GW: Depends on the work: in ‘Signs’ I didn’t do or say anything significant – I just asked people to write anything they wanted on a piece of paper. In my view, as the idea captured everyone’s imagination so well they responded in a very open way.
With my ‘confessional’ works, an advert is placed in such a manner that only those who are interested in confessing will reply. I would not want to encourage anyone who doesn’t want to partake hence I use adverts as much as possible.
 
200%: When you approached people to write down their innermost thoughts on a piece of paper did you have a sense of what they would write down, or was it each time, a total surprise for you?
GW: Absolutely a surprise. The process was all about the instant: the instant thought, the image being taken as a snapshot. In most cases I only took one photograph of each person; in some rare cases two. My photography, therefore, was done as quickly as the sign was written. This meant that, sometimes, I had forgotten what images I had captured until I had them processed. I also stopped anyone that passed me, meaning that I would never select someone whom I thought might be interesting as appearances can never tell you that.
 
200%: Is the documentary form a means to ensure that these disclosures don’t tip over into voyeurism, but remains honest, with integrity?
GW: I use masks in a lot of my work to protect the identity of the person confessing, as well as empower them to be able to speak without judgement. I also don’t judge myself, or have a voice-over to tell people what to think, which I believe, brings greater understanding for the audience, in listening and empathizing. Anyone of us could be in a mask with a story to tell.
 
200%: You work in the mode of documentary and have produced snapshot style of pictures for the ‘Signs’ series and beautiful pictures of you as your photographic idols. How important are aesthetics in your work?
GW: When I first started working in the medium of photography and film I used to have an anti-aesthetic aesthetic. I didn’t want my work to feel like it was formally posed or lit, which is why I favoured the snapshot and naturally lighting. Now, though, I work out what is needed for each image, whether it is a snapshot look, or something highly lit.
 
200%: Are your aesthetics in your work narrative driven – what the idea needs?
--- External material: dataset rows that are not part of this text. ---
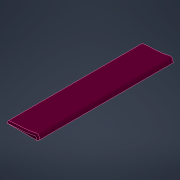
# Autodesk Inventor part: RightBackCushion
Saved by Autodesk Inventor 2021 (Build 250183000, 183)
## iProperties
Created: 2021-01-30
Part Number: RightBackCushion
Material: Generic
Document SubType Name: Modeling
Designer: argon
Density: 1 g/cm^3
Appearance: Maroon Medium
Author: argon
Autodesk Inventor part; units mm, degrees
ref_plane "YZ Plane" through (0, 0, 0) normal (1, 0, 0) x (0, 1, 0)
ref_plane "XZ Plane" through (0, 0, 0) normal (0, 1, 0) x (-1, 0, 0)
ref_plane "XY Plane" through (0, 0, 0) normal (0, 0, 1) x (1, 0, 0)
sketch "Sketch1" plane through (0, 0, 0) normal (0, 0, 1) x (1, 0, 0)
  line L0 (0, 0) -> (200, 0)
  line L1 (0, 0) -> (0, 10)
  line L2 (0, 10) -> (35.0237, 15.2953) construction
  line L3 (35.0237, 15.2953) -> (144.4747, 12.6477) construction
  line L4 (144.4747, 12.6477) -> (177.6006, 33.3111) construction
  line L5 (177.6006, 33.3111) -> (200, 33.3111) construction
  line L6 (200, 33.3111) -> (200, 0) construction
  spline S0 degree 4 poles (0, 10) (35.0237, 15.2953) (144.4747, 12.6477) (177.6006, 33.3111) (200, 33.3111) (200, 0) knots 1 1 1 1 1 2 3 3 3 3 3
  dimension "d0" = 200
  dimension "d1" = 10
  constraints: 4 end point, 2 vertical, 1 horizontal, 3 other
  measures "d0" distance of L0.start L0.end
  measures "d1" distance of L0.start L1.end
extrude "Extrusion1" add sketch "Sketch1" along normal blind 880
fillet "Fillet1" radius 10 1 edges at (150.1562, 23.3103, 880)
body "Solid1"

GW: Some of my work is and others aren’t. I start by having a notion, an idea.
 
200%: How did the self-portraits as your family members help you in discovering aspects of your own identity?
GW: Wearing masks of my family revealed many different facets for me: the first was to see everyone as an individual – when we are a group, and grow up in a family unit, everyone is assigned their roles and we find it difficult to see outside of this, particularly for a child with respect to their parents. Until I did a self portrait as my mother, Jean Gregory, I was not interested in her previous life as a single, young woman who had her own dreams, disappointments, struggles and triumphs. It made me realise that her identity should be respected without my expectations of what I felt she should be. When I wore the mask I started to see her as someone that was sweet, naïve, a little vulnerable, in comparison to the image that was the source for my own younger self, entitled ‘Self portrait at 17 Years Old’ – I felt it was more knowing, a bit tougher, vain even. Thus, I began to sense who everyone was, including myself, from the past. They say when you are in a close relationship the elastic band snaps and you can’t really see anymore, this project helped me see. I also tried to portray everyone at approximately the same age, which was late teens / early twenties, to have everyone on a level playing field. The exception was my grandparents as I didn’t have any images of them at that age, and so they became the matriarch and patriarch.
 
200%: What’s the difference between wearing masks of people you know personally, your family members, and people you don’t know personally, your photographic idols or spiritual family? Is it easier or more difficult?
GW: In terms of my spiritual family I worked in a similar manner, sensing who I felt each person was and what they felt in being portrayed or portraying themselves.
I have always felt incredibly close to Diane Arbus having studied her work, read about her personal as well as professional life. Also, when I sometimes see a portrait of her I see me. It’s as if I have observed her so closely I eventually see my own reflection. I think my idols tell the audience more about me than my family as I have chosen them and, of course, you don’t choose your family. Thus, these artists are my created spiritual family.
 
200%: Why is Claude Cahun one of your idols?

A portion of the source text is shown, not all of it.